◆ **Data records**:
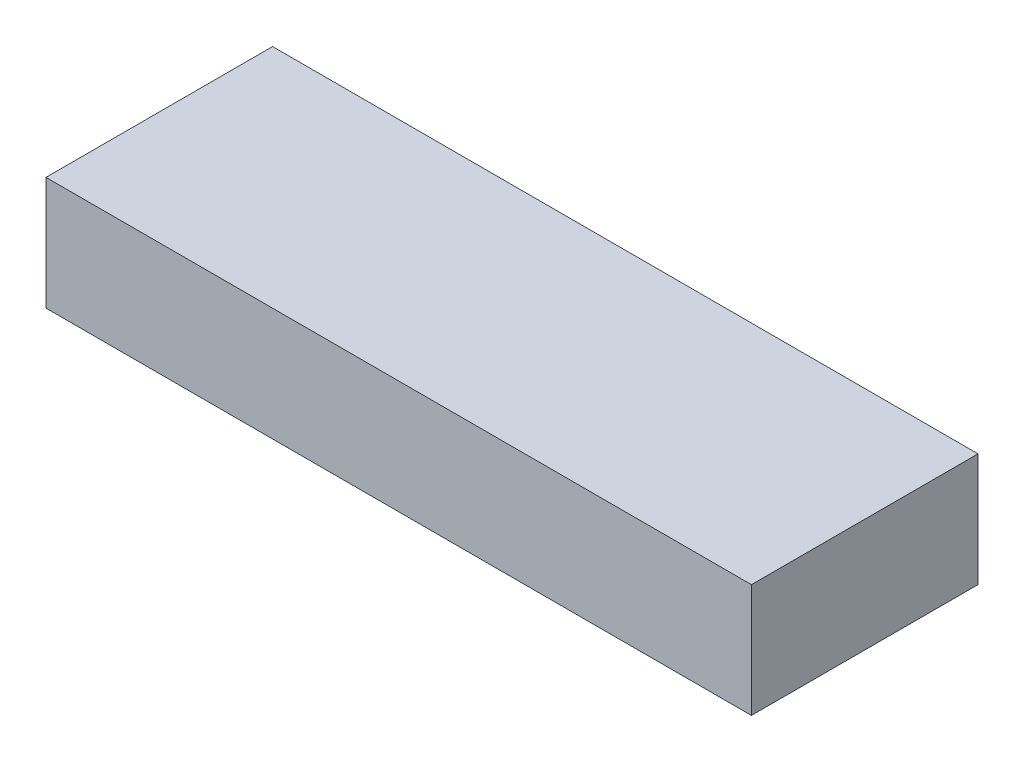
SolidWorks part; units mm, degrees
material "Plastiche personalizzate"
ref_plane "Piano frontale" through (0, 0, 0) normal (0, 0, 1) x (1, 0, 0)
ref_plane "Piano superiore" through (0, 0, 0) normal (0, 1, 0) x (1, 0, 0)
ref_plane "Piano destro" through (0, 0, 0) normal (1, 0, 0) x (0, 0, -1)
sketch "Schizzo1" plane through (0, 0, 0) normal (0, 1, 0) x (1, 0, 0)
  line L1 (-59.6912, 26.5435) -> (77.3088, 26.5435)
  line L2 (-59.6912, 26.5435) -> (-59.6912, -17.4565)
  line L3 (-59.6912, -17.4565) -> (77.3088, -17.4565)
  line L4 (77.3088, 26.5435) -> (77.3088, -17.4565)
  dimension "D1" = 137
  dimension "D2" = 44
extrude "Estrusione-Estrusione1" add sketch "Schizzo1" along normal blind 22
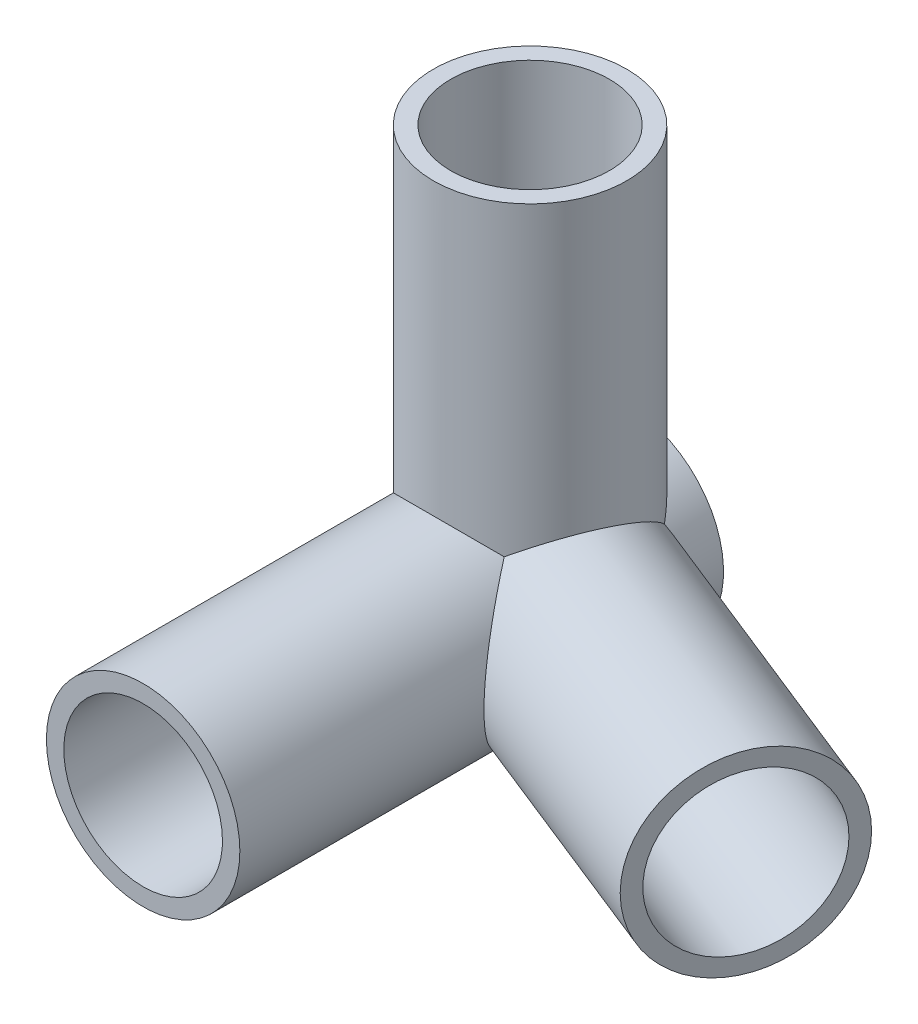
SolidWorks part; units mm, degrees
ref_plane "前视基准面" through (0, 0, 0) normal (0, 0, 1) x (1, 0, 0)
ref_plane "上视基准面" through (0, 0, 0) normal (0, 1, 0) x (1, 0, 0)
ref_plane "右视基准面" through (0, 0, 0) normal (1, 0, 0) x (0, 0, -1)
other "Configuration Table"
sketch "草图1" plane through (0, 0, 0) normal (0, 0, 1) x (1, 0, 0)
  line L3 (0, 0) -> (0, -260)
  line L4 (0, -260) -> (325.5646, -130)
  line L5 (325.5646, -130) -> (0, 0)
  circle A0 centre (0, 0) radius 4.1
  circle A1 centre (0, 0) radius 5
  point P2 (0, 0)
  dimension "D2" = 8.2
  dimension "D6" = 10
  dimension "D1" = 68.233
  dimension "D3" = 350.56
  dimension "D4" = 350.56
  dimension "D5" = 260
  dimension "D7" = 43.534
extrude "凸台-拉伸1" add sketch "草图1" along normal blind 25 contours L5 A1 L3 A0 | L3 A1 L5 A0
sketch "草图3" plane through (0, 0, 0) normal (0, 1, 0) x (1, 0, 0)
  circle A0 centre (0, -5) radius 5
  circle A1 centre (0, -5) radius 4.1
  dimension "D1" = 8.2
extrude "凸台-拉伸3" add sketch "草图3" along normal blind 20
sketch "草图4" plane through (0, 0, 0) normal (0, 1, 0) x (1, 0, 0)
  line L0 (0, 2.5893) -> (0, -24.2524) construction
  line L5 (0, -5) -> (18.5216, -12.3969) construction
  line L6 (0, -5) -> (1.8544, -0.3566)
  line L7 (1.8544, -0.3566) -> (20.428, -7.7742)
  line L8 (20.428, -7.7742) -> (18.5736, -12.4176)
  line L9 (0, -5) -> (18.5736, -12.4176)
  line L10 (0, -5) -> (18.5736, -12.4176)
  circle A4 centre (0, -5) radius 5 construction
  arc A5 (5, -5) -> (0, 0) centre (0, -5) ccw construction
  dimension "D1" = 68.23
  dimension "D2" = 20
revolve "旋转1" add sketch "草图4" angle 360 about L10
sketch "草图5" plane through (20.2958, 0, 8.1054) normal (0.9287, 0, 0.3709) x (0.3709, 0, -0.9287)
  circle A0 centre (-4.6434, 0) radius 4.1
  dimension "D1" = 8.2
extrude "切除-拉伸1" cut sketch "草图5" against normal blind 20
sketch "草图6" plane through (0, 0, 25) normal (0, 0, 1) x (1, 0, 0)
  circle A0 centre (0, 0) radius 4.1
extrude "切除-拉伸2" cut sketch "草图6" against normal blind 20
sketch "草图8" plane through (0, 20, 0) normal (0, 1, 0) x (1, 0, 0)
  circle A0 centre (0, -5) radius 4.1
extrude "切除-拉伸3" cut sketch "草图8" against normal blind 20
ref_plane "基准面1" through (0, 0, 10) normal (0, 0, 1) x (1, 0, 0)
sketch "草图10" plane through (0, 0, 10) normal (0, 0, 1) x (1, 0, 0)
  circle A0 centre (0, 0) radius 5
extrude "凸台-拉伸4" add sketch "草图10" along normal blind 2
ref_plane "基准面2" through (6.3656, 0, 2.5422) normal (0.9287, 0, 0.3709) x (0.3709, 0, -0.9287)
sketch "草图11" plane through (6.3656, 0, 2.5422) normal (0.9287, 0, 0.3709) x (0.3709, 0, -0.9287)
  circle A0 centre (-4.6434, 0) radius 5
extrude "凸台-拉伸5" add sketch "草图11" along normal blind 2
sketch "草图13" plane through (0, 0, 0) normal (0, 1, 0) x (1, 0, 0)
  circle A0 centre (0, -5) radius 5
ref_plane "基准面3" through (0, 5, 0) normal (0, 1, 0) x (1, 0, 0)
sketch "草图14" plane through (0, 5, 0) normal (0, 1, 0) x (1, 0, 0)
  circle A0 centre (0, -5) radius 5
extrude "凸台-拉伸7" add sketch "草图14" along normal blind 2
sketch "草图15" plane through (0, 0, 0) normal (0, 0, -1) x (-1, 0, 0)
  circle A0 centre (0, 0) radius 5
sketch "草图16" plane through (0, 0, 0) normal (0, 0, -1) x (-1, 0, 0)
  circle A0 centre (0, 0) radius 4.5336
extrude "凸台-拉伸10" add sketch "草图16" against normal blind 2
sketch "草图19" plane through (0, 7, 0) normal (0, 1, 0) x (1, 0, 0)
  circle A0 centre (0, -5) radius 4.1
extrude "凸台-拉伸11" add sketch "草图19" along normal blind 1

◆ **Problem to work on**:
Taking the records above, retype every line from the one with "plane through (6.3656, 0, 2.5422)" down to the one with "circle A0 centre (0, 0) radius 4.5336", exactly and with nothing else.

◆ **Result of the exercise**:
sketch "草图11" plane through (6.3656, 0, 2.5422) normal (0.9287, 0, 0.3709) x (0.3709, 0, -0.9287)
  circle A0 centre (-4.6434, 0) radius 5
extrude "凸台-拉伸5" add sketch "草图11" along normal blind 2
sketch "草图13" plane through (0, 0, 0) normal (0, 1, 0) x (1, 0, 0)
  circle A0 centre (0, -5) radius 5
ref_plane "基准面3" through (0, 5, 0) normal (0, 1, 0) x (1, 0, 0)
sketch "草图14" plane through (0, 5, 0) normal (0, 1, 0) x (1, 0, 0)
  circle A0 centre (0, -5) radius 5
extrude "凸台-拉伸7" add sketch "草图14" along normal blind 2
sketch "草图15" plane through (0, 0, 0) normal (0, 0, -1) x (-1, 0, 0)
  circle A0 centre (0, 0) radius 5
sketch "草图16" plane through (0, 0, 0) normal (0, 0, -1) x (-1, 0, 0)
  circle A0 centre (0, 0) radius 4.5336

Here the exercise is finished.